== What is expected ==
Using the data beneath this instruction, retype only the lines from the one that contains "#274=EDGE_CURVE('E698',#265,#273,#271,.T.);" down to the one that contains "#307=VERTEX_POINT('',#306);", both included, exactly as they appear.

== Source material ==

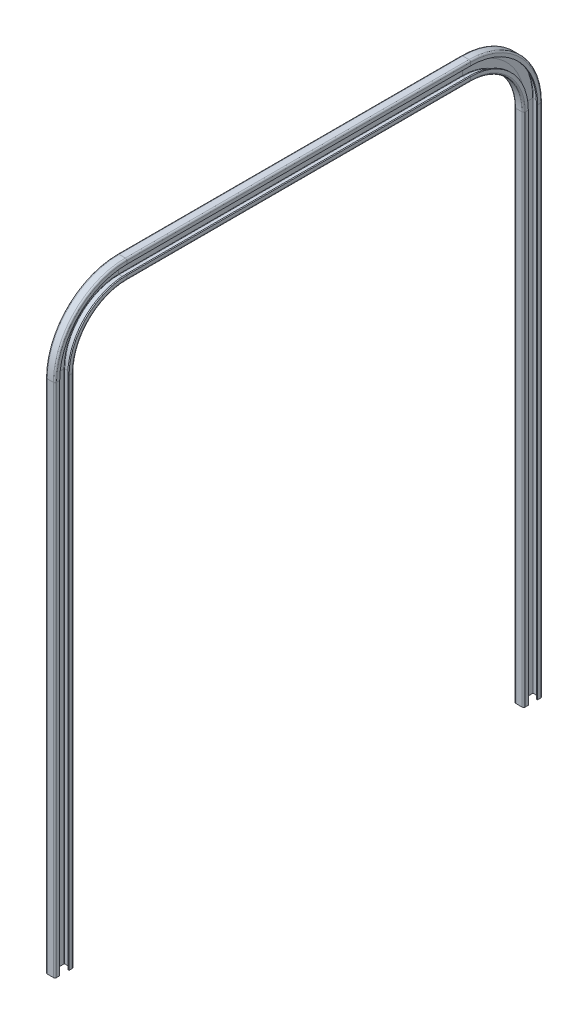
ISO-10303-21;
HEADER;
FILE_DESCRIPTION(('STEP AP214'),'2;1');
FILE_NAME('part.step','',(''),(''),'','','');
FILE_SCHEMA(('AUTOMOTIVE_DESIGN { 1 0 10303 214 1 1 1 1 }'));
ENDSEC;
DATA;
#1=APPLICATION_CONTEXT('core data for automotive mechanical design processes');
#2=APPLICATION_PROTOCOL_DEFINITION('international standard','automotive_design',2000,#1);
#3=PRODUCT_CONTEXT('',#1,'mechanical');
#4=PRODUCT('Part','Part','',(#3));
#5=PRODUCT_RELATED_PRODUCT_CATEGORY('part','',(#4));
#6=PRODUCT_DEFINITION_FORMATION('','',#4);
#7=PRODUCT_DEFINITION_CONTEXT('part definition',#1,'design');
#8=PRODUCT_DEFINITION('design','',#6,#7);
#9=PRODUCT_DEFINITION_SHAPE('','',#8);
#10=(LENGTH_UNIT() NAMED_UNIT(*) SI_UNIT(.MILLI.,.METRE.));
#11=(NAMED_UNIT(*) PLANE_ANGLE_UNIT() SI_UNIT($,.RADIAN.));
#12=(NAMED_UNIT(*) SI_UNIT($,.STERADIAN.) SOLID_ANGLE_UNIT());
#13=UNCERTAINTY_MEASURE_WITH_UNIT(LENGTH_MEASURE(1.E-05),#10,'distance_accuracy_value','');
#14=(GEOMETRIC_REPRESENTATION_CONTEXT(3) GLOBAL_UNCERTAINTY_ASSIGNED_CONTEXT((#13)) GLOBAL_UNIT_ASSIGNED_CONTEXT((#10,
#11,#12)) REPRESENTATION_CONTEXT('',''));
#15=CARTESIAN_POINT('',(0.,0.,0.));
#16=DIRECTION('',(0.,0.,1.));
#17=DIRECTION('',(1.,0.,0.));
#18=AXIS2_PLACEMENT_3D('',#15,#16,#17);
#19=CARTESIAN_POINT('',(5.,0.,-25.));
#20=DIRECTION('',(0.,-1.,0.));
#21=DIRECTION('',(0.,0.,-1.));
#22=AXIS2_PLACEMENT_3D('',#19,#20,#21);
#23=PLANE('',#22);
#24=DIRECTION('',(0.,0.,1.));
#25=VECTOR('',#24,1.);
#26=CARTESIAN_POINT('',(0.,0.,0.));
#27=LINE('',#26,#25);
#28=CARTESIAN_POINT('',(0.,0.,-25.));
#29=VERTEX_POINT('',#28);
#30=CARTESIAN_POINT('',(0.,0.,0.));
#31=VERTEX_POINT('',#30);
#32=EDGE_CURVE('E256',#29,#31,#27,.T.);
#33=ORIENTED_EDGE('',*,*,#32,.F.);
#34=CARTESIAN_POINT('',(5.,0.,-25.));
#35=DIRECTION('',(0.,1.,0.));
#36=DIRECTION('',(0.,0.,-1.));
#37=AXIS2_PLACEMENT_3D('',#34,#35,#36);
#38=CIRCLE('',#37,5.00000000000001);
#39=CARTESIAN_POINT('',(5.,0.,-30.));
#40=VERTEX_POINT('',#39);
#41=EDGE_CURVE('E261',#40,#29,#38,.T.);
#42=ORIENTED_EDGE('',*,*,#41,.F.);
#43=DIRECTION('',(-1.,0.,0.));
#44=VECTOR('',#43,1.);
#45=CARTESIAN_POINT('',(5.,0.,-30.));
#46=LINE('',#45,#44);
#47=CARTESIAN_POINT('',(25.,0.,-30.));
#48=VERTEX_POINT('',#47);
#49=EDGE_CURVE('E1086',#48,#40,#46,.T.);
#50=ORIENTED_EDGE('',*,*,#49,.F.);
#51=CARTESIAN_POINT('',(25.,0.,-25.));
#52=DIRECTION('',(0.,1.,0.));
#53=DIRECTION('',(0.,0.,-1.));
#54=AXIS2_PLACEMENT_3D('',#51,#52,#53);
#55=CIRCLE('',#54,5.);
#56=CARTESIAN_POINT('',(30.,0.,-25.));
#57=VERTEX_POINT('',#56);
#58=EDGE_CURVE('E1058',#57,#48,#55,.T.);
#59=ORIENTED_EDGE('',*,*,#58,.F.);
#60=DIRECTION('',(0.,0.,-1.));
#61=VECTOR('',#60,1.);
#62=CARTESIAN_POINT('',(30.,0.,-25.));
#63=LINE('',#62,#61);
#64=CARTESIAN_POINT('',(30.,0.,-15.));
#65=VERTEX_POINT('',#64);
#66=EDGE_CURVE('E1032',#65,#57,#63,.T.);
#67=ORIENTED_EDGE('',*,*,#66,.F.);
#68=DIRECTION('',(1.,0.,0.));
#69=VECTOR('',#68,1.);
#70=CARTESIAN_POINT('',(30.,0.,-15.));
#71=LINE('',#70,#69);
#72=CARTESIAN_POINT('',(26.,0.,-15.));
#73=VERTEX_POINT('',#72);
#74=EDGE_CURVE('E1004',#73,#65,#71,.T.);
#75=ORIENTED_EDGE('',*,*,#74,.F.);
#76=DIRECTION('',(0.,0.,1.));
#77=VECTOR('',#76,1.);
#78=CARTESIAN_POINT('',(26.,0.,-15.));
#79=LINE('',#78,#77);
#80=CARTESIAN_POINT('',(26.,0.,-25.));
#81=VERTEX_POINT('',#80);
#82=EDGE_CURVE('E462',#81,#73,#79,.T.);
#83=ORIENTED_EDGE('',*,*,#82,.F.);
#84=CARTESIAN_POINT('',(25.,0.,-25.));
#85=DIRECTION('',(0.,-1.,0.));
#86=DIRECTION('',(0.,0.,1.));
#87=AXIS2_PLACEMENT_3D('',#84,#85,#86);
#88=CIRCLE('',#87,0.999999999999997);
#89=CARTESIAN_POINT('',(25.,0.,-26.));
#90=VERTEX_POINT('',#89);
#91=EDGE_CURVE('E466',#90,#81,#88,.T.);
#92=ORIENTED_EDGE('',*,*,#91,.F.);
#93=DIRECTION('',(1.,0.,0.));
#94=VECTOR('',#93,1.);
#95=CARTESIAN_POINT('',(25.,0.,-26.));
#96=LINE('',#95,#94);
#97=CARTESIAN_POINT('',(5.,0.,-26.));
#98=VERTEX_POINT('',#97);
#99=EDGE_CURVE('E471',#98,#90,#96,.T.);
#100=ORIENTED_EDGE('',*,*,#99,.F.);
#101=CARTESIAN_POINT('',(5.,0.,-25.));
#102=DIRECTION('',(0.,-1.,0.));
#103=DIRECTION('',(0.,0.,1.));
#104=AXIS2_PLACEMENT_3D('',#101,#102,#103);
#105=CIRCLE('',#104,1.);
#106=CARTESIAN_POINT('',(4.,0.,-25.));
#107=VERTEX_POINT('',#106);
#108=EDGE_CURVE('E880',#107,#98,#105,.T.);
#109=ORIENTED_EDGE('',*,*,#108,.F.);
#110=DIRECTION('',(0.,0.,-1.));
#111=VECTOR('',#110,1.);
#112=CARTESIAN_POINT('',(4.,0.,-25.));
#113=LINE('',#112,#111);
#114=CARTESIAN_POINT('',(4.,0.,0.));
#115=VERTEX_POINT('',#114);
#116=EDGE_CURVE('E851',#115,#107,#113,.T.);
#117=ORIENTED_EDGE('',*,*,#116,.F.);
#118=DIRECTION('',(0.,0.,-1.));
#119=VECTOR('',#118,1.);
#120=CARTESIAN_POINT('',(4.,0.,25.));
#121=LINE('',#120,#119);
#122=CARTESIAN_POINT('',(4.,0.,25.));
#123=VERTEX_POINT('',#122);
#124=EDGE_CURVE('E824',#123,#115,#121,.T.);
#125=ORIENTED_EDGE('',*,*,#124,.F.);
#126=CARTESIAN_POINT('',(5.,0.,25.));
#127=DIRECTION('',(0.,-1.,0.));
#128=DIRECTION('',(0.,0.,-1.));
#129=AXIS2_PLACEMENT_3D('',#126,#127,#128);
#130=CIRCLE('',#129,1.);
#131=CARTESIAN_POINT('',(5.,0.,26.));
#132=VERTEX_POINT('',#131);
#133=EDGE_CURVE('E795',#132,#123,#130,.T.);
#134=ORIENTED_EDGE('',*,*,#133,.F.);
#135=DIRECTION('',(-1.,0.,0.));
#136=VECTOR('',#135,1.);
#137=CARTESIAN_POINT('',(25.,0.,26.));
#138=LINE('',#137,#136);
#139=CARTESIAN_POINT('',(25.,0.,26.));
#140=VERTEX_POINT('',#139);
#141=EDGE_CURVE('E670',#140,#132,#138,.T.);
#142=ORIENTED_EDGE('',*,*,#141,.F.);
#143=CARTESIAN_POINT('',(25.,0.,25.));
#144=DIRECTION('',(0.,-1.,0.));
#145=DIRECTION('',(0.,0.,-1.));
#146=AXIS2_PLACEMENT_3D('',#143,#144,#145);
#147=CIRCLE('',#146,1.);
#148=CARTESIAN_POINT('',(26.,0.,25.));
#149=VERTEX_POINT('',#148);
#150=EDGE_CURVE('E674',#149,#140,#147,.T.);
#151=ORIENTED_EDGE('',*,*,#150,.F.);
#152=DIRECTION('',(0.,0.,1.));
#153=VECTOR('',#152,1.);
#154=CARTESIAN_POINT('',(26.,0.,15.));
#155=LINE('',#154,#153);
#156=CARTESIAN_POINT('',(26.,0.,15.));
#157=VERTEX_POINT('',#156);
#158=EDGE_CURVE('E679',#157,#149,#155,.T.);
#159=ORIENTED_EDGE('',*,*,#158,.F.);
#160=DIRECTION('',(-1.,0.,0.));
#161=VECTOR('',#160,1.);
#162=CARTESIAN_POINT('',(30.,0.,15.));
#163=LINE('',#162,#161);
#164=CARTESIAN_POINT('',(30.,0.,15.));
#165=VERTEX_POINT('',#164);
#166=EDGE_CURVE('E731',#165,#157,#163,.T.);
#167=ORIENTED_EDGE('',*,*,#166,.F.);
#168=DIRECTION('',(0.,0.,-1.));
#169=VECTOR('',#168,1.);
#170=CARTESIAN_POINT('',(30.,0.,25.));
#171=LINE('',#170,#169);
#172=CARTESIAN_POINT('',(30.,0.,25.));
#173=VERTEX_POINT('',#172);
#174=EDGE_CURVE('E1294',#173,#165,#171,.T.);
#175=ORIENTED_EDGE('',*,*,#174,.F.);
#176=CARTESIAN_POINT('',(25.,0.,25.));
#177=DIRECTION('',(0.,1.,0.));
#178=DIRECTION('',(0.,0.,1.));
#179=AXIS2_PLACEMENT_3D('',#176,#177,#178);
#180=CIRCLE('',#179,5.);
#181=CARTESIAN_POINT('',(25.,0.,30.));
#182=VERTEX_POINT('',#181);
#183=EDGE_CURVE('E1266',#182,#173,#180,.T.);
#184=ORIENTED_EDGE('',*,*,#183,.F.);
#185=DIRECTION('',(1.,0.,0.));
#186=VECTOR('',#185,1.);
#187=CARTESIAN_POINT('',(5.00000000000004,0.,30.));
#188=LINE('',#187,#186);
#189=CARTESIAN_POINT('',(5.,0.,30.));
#190=VERTEX_POINT('',#189);
#191=EDGE_CURVE('E1239',#190,#182,#188,.T.);
#192=ORIENTED_EDGE('',*,*,#191,.F.);
#193=CARTESIAN_POINT('',(5.,0.,25.));
#194=DIRECTION('',(0.,1.,0.));
#195=DIRECTION('',(0.,0.,1.));
#196=AXIS2_PLACEMENT_3D('',#193,#194,#195);
#197=CIRCLE('',#196,5.);
#198=CARTESIAN_POINT('',(0.,0.,25.));
#199=VERTEX_POINT('',#198);
#200=EDGE_CURVE('E1210',#199,#190,#197,.T.);
#201=ORIENTED_EDGE('',*,*,#200,.F.);
#202=DIRECTION('',(0.,0.,1.));
#203=VECTOR('',#202,1.);
#204=CARTESIAN_POINT('',(0.,0.,0.));
#205=LINE('',#204,#203);
#206=EDGE_CURVE('E252',#31,#199,#205,.T.);
#207=ORIENTED_EDGE('',*,*,#206,.F.);
#208=EDGE_LOOP('',(#33,#42,#50,#59,#67,#75,#83,#92,#100,#109,#117,#125,#134,#142,#151,#159,#167,
#175,#184,#192,#201,#207));
#209=FACE_BOUND('',#208,.T.);
#210=ADVANCED_FACE('F38',(#209),#23,.T.);
#211=CARTESIAN_POINT('',(5.,4.40724897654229E-13,-1475.));
#212=DIRECTION('',(0.,1.,0.));
#213=DIRECTION('',(0.,0.,1.));
#214=AXIS2_PLACEMENT_3D('',#211,#212,#213);
#215=PLANE('',#214);
#216=DIRECTION('',(0.,0.,-1.));
#217=VECTOR('',#216,1.);
#218=CARTESIAN_POINT('',(0.,4.44089209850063E-13,-1500.));
#219=LINE('',#218,#217);
#220=CARTESIAN_POINT('',(0.,6.64451658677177E-13,-1475.));
#221=VERTEX_POINT('',#220);
#222=CARTESIAN_POINT('',(0.,6.66133814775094E-13,-1500.));
#223=VERTEX_POINT('',#222);
#224=EDGE_CURVE('E1179',#221,#223,#219,.T.);
#225=ORIENTED_EDGE('',*,*,#224,.T.);
#226=DIRECTION('',(0.,0.,-1.));
#227=VECTOR('',#226,1.);
#228=CARTESIAN_POINT('',(0.,4.44089209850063E-13,-1500.));
#229=LINE('',#228,#227);
#230=CARTESIAN_POINT('',(0.,6.67815970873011E-13,-1525.));
#231=VERTEX_POINT('',#230);
#232=EDGE_CURVE('E1208',#223,#231,#229,.T.);
#233=ORIENTED_EDGE('',*,*,#232,.T.);
#234=CARTESIAN_POINT('',(5.,4.47453522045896E-13,-1525.));
#235=DIRECTION('',(0.,-1.,0.));
#236=DIRECTION('',(0.,0.,-1.));
#237=AXIS2_PLACEMENT_3D('',#234,#235,#236);
#238=CIRCLE('',#237,5.);
#239=CARTESIAN_POINT('',(5.,6.68152402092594E-13,-1530.));
#240=VERTEX_POINT('',#239);
#241=EDGE_CURVE('E1236',#231,#240,#238,.T.);
#242=ORIENTED_EDGE('',*,*,#241,.T.);
#243=DIRECTION('',(1.,0.,0.));
#244=VECTOR('',#243,1.);
#245=CARTESIAN_POINT('',(5.00000000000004,4.48126384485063E-13,-1530.));
#246=LINE('',#245,#244);
#247=CARTESIAN_POINT('',(25.,6.68152402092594E-13,-1530.));
#248=VERTEX_POINT('',#247);
#249=EDGE_CURVE('E64',#240,#248,#246,.T.);
#250=ORIENTED_EDGE('',*,*,#249,.T.);
#251=CARTESIAN_POINT('',(25.,4.47453522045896E-13,-1525.));
#252=DIRECTION('',(0.,-1.,0.));
#253=DIRECTION('',(0.,0.,-1.));
#254=AXIS2_PLACEMENT_3D('',#251,#252,#253);
#255=CIRCLE('',#254,5.);
#256=CARTESIAN_POINT('',(30.,6.67815970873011E-13,-1525.));
#257=VERTEX_POINT('',#256);
#258=EDGE_CURVE('E55',#248,#257,#255,.T.);
#259=ORIENTED_EDGE('',*,*,#258,.T.);
#260=DIRECTION('',(0.,0.,1.));
#261=VECTOR('',#260,1.);
#262=CARTESIAN_POINT('',(30.,4.47453522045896E-13,-1525.));
#263=LINE('',#262,#261);
#264=CARTESIAN_POINT('',(30.,6.67143108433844E-13,-1515.));
#265=VERTEX_POINT('',#264);
#266=EDGE_CURVE('E11',#257,#265,#263,.T.);
#267=ORIENTED_EDGE('',*,*,#266,.T.);
#268=DIRECTION('',(-1.,0.,0.));
#269=VECTOR('',#268,1.);
#270=CARTESIAN_POINT('',(30.,4.46107797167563E-13,-1515.));
#271=LINE('',#270,#269);
#272=CARTESIAN_POINT('',(26.,6.67143108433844E-13,-1515.));
#273=VERTEX_POINT('',#272);
#274=EDGE_CURVE('E698',#265,#273,#271,.T.);
#275=ORIENTED_EDGE('',*,*,#274,.T.);
#276=DIRECTION('',(0.,0.,-1.));
#277=VECTOR('',#276,1.);
#278=CARTESIAN_POINT('',(26.,4.46107797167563E-13,-1515.));
#279=LINE('',#278,#277);
#280=CARTESIAN_POINT('',(26.,6.67815970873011E-13,-1525.));
#281=VERTEX_POINT('',#280);
#282=EDGE_CURVE('E701',#273,#281,#279,.T.);
#283=ORIENTED_EDGE('',*,*,#282,.T.);
#284=CARTESIAN_POINT('',(25.,4.47453522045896E-13,-1525.));
#285=DIRECTION('',(0.,1.,0.));
#286=DIRECTION('',(0.,0.,1.));
#287=AXIS2_PLACEMENT_3D('',#284,#285,#286);
#288=CIRCLE('',#287,1.);
#289=CARTESIAN_POINT('',(25.,6.67883257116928E-13,-1526.));
#290=VERTEX_POINT('',#289);
#291=EDGE_CURVE('E765',#281,#290,#288,.T.);
#292=ORIENTED_EDGE('',*,*,#291,.T.);
#293=DIRECTION('',(-1.,0.,0.));
#294=VECTOR('',#293,1.);
#295=CARTESIAN_POINT('',(25.,4.4758809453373E-13,-1526.));
#296=LINE('',#295,#294);
#297=CARTESIAN_POINT('',(5.,6.67883257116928E-13,-1526.));
#298=VERTEX_POINT('',#297);
#299=EDGE_CURVE('E793',#290,#298,#296,.T.);
#300=ORIENTED_EDGE('',*,*,#299,.T.);
#301=CARTESIAN_POINT('',(5.,4.47453522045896E-13,-1525.));
#302=DIRECTION('',(0.,1.,0.));
#303=DIRECTION('',(0.,0.,1.));
#304=AXIS2_PLACEMENT_3D('',#301,#302,#303);
#305=CIRCLE('',#304,1.);
#306=CARTESIAN_POINT('',(4.,6.67815970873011E-13,-1525.));
#307=VERTEX_POINT('',#306);
#308=EDGE_CURVE('E821',#298,#307,#305,.T.);
#309=ORIENTED_EDGE('',*,*,#308,.T.);
#310=DIRECTION('',(0.,0.,1.));
#311=VECTOR('',#310,1.);
#312=CARTESIAN_POINT('',(4.,4.47453522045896E-13,-1525.));
#313=LINE('',#312,#311);
#314=CARTESIAN_POINT('',(4.,6.66133814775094E-13,-1500.));
#315=VERTEX_POINT('',#314);
#316=EDGE_CURVE('E501',#307,#315,#313,.T.);
#317=ORIENTED_EDGE('',*,*,#316,.T.);
#318=DIRECTION('',(0.,0.,1.));
#319=VECTOR('',#318,1.);
#320=CARTESIAN_POINT('',(4.,4.40724897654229E-13,-1475.));
#321=LINE('',#320,#319);
#322=CARTESIAN_POINT('',(4.,6.64451658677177E-13,-1475.));
#323=VERTEX_POINT('',#322);
#324=EDGE_CURVE('E496',#315,#323,#321,.T.);
#325=ORIENTED_EDGE('',*,*,#324,.T.);
#326=CARTESIAN_POINT('',(5.,4.40724897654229E-13,-1475.));
#327=DIRECTION('',(0.,1.,0.));
#328=DIRECTION('',(0.,0.,-1.));
#329=AXIS2_PLACEMENT_3D('',#326,#327,#328);
#330=CIRCLE('',#329,1.);
#331=CARTESIAN_POINT('',(5.,6.6438437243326E-13,-1474.));
#332=VERTEX_POINT('',#331);
#333=EDGE_CURVE('E491',#323,#332,#330,.T.);
#334=ORIENTED_EDGE('',*,*,#333,.T.);
#335=DIRECTION('',(1.,0.,0.));
#336=VECTOR('',#335,1.);
#337=CARTESIAN_POINT('',(25.,4.40590325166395E-13,-1474.));
#338=LINE('',#337,#336);
#339=CARTESIAN_POINT('',(25.,6.6438437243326E-13,-1474.));
#340=VERTEX_POINT('',#339);
#341=EDGE_CURVE('E941',#332,#340,#338,.T.);
#342=ORIENTED_EDGE('',*,*,#341,.T.);
#343=CARTESIAN_POINT('',(25.,4.40724897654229E-13,-1475.));
#344=DIRECTION('',(0.,1.,0.));
#345=DIRECTION('',(0.,0.,-1.));
#346=AXIS2_PLACEMENT_3D('',#343,#344,#345);
#347=CIRCLE('',#346,0.999999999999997);
#348=CARTESIAN_POINT('',(26.,6.64451658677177E-13,-1475.));
#349=VERTEX_POINT('',#348);
#350=EDGE_CURVE('E973',#340,#349,#347,.T.);
#351=ORIENTED_EDGE('',*,*,#350,.T.);
#352=DIRECTION('',(0.,0.,-1.));
#353=VECTOR('',#352,1.);
#354=CARTESIAN_POINT('',(26.,4.42070622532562E-13,-1485.));
#355=LINE('',#354,#353);
#356=CARTESIAN_POINT('',(26.,6.65124521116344E-13,-1485.));
#357=VERTEX_POINT('',#356);
#358=EDGE_CURVE('E1002',#349,#357,#355,.T.);
#359=ORIENTED_EDGE('',*,*,#358,.T.);
#360=DIRECTION('',(1.,0.,0.));
#361=VECTOR('',#360,1.);
#362=CARTESIAN_POINT('',(30.,4.42070622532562E-13,-1485.));
#363=LINE('',#362,#361);
#364=CARTESIAN_POINT('',(30.,6.65124521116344E-13,-1485.));
#365=VERTEX_POINT('',#364);
#366=EDGE_CURVE('E1029',#357,#365,#363,.T.);
#367=ORIENTED_EDGE('',*,*,#366,.T.);
#368=DIRECTION('',(0.,0.,1.));
#369=VECTOR('',#368,1.);
#370=CARTESIAN_POINT('',(30.,4.40724897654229E-13,-1475.));
#371=LINE('',#370,#369);
#372=CARTESIAN_POINT('',(30.,6.64451658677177E-13,-1475.));
#373=VERTEX_POINT('',#372);
#374=EDGE_CURVE('E291',#365,#373,#371,.T.);
#375=ORIENTED_EDGE('',*,*,#374,.T.);
#376=CARTESIAN_POINT('',(25.,4.40724897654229E-13,-1475.));
#377=DIRECTION('',(0.,-1.,0.));
#378=DIRECTION('',(0.,0.,1.));
#379=AXIS2_PLACEMENT_3D('',#376,#377,#378);
#380=CIRCLE('',#379,5.);
#381=CARTESIAN_POINT('',(25.,6.64115227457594E-13,-1470.));
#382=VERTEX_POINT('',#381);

== Response for this exercise ==
#274=EDGE_CURVE('E698',#265,#273,#271,.T.);
#275=ORIENTED_EDGE('',*,*,#274,.T.);
#276=DIRECTION('',(0.,0.,-1.));
#277=VECTOR('',#276,1.);
#278=CARTESIAN_POINT('',(26.,4.46107797167563E-13,-1515.));
#279=LINE('',#278,#277);
#280=CARTESIAN_POINT('',(26.,6.67815970873011E-13,-1525.));
#281=VERTEX_POINT('',#280);
#282=EDGE_CURVE('E701',#273,#281,#279,.T.);
#283=ORIENTED_EDGE('',*,*,#282,.T.);
#284=CARTESIAN_POINT('',(25.,4.47453522045896E-13,-1525.));
#285=DIRECTION('',(0.,1.,0.));
#286=DIRECTION('',(0.,0.,1.));
#287=AXIS2_PLACEMENT_3D('',#284,#285,#286);
#288=CIRCLE('',#287,1.);
#289=CARTESIAN_POINT('',(25.,6.67883257116928E-13,-1526.));
#290=VERTEX_POINT('',#289);
#291=EDGE_CURVE('E765',#281,#290,#288,.T.);
#292=ORIENTED_EDGE('',*,*,#291,.T.);
#293=DIRECTION('',(-1.,0.,0.));
#294=VECTOR('',#293,1.);
#295=CARTESIAN_POINT('',(25.,4.4758809453373E-13,-1526.));
#296=LINE('',#295,#294);
#297=CARTESIAN_POINT('',(5.,6.67883257116928E-13,-1526.));
#298=VERTEX_POINT('',#297);
#299=EDGE_CURVE('E793',#290,#298,#296,.T.);
#300=ORIENTED_EDGE('',*,*,#299,.T.);
#301=CARTESIAN_POINT('',(5.,4.47453522045896E-13,-1525.));
#302=DIRECTION('',(0.,1.,0.));
#303=DIRECTION('',(0.,0.,1.));
#304=AXIS2_PLACEMENT_3D('',#301,#302,#303);
#305=CIRCLE('',#304,1.);
#306=CARTESIAN_POINT('',(4.,6.67815970873011E-13,-1525.));
#307=VERTEX_POINT('',#306);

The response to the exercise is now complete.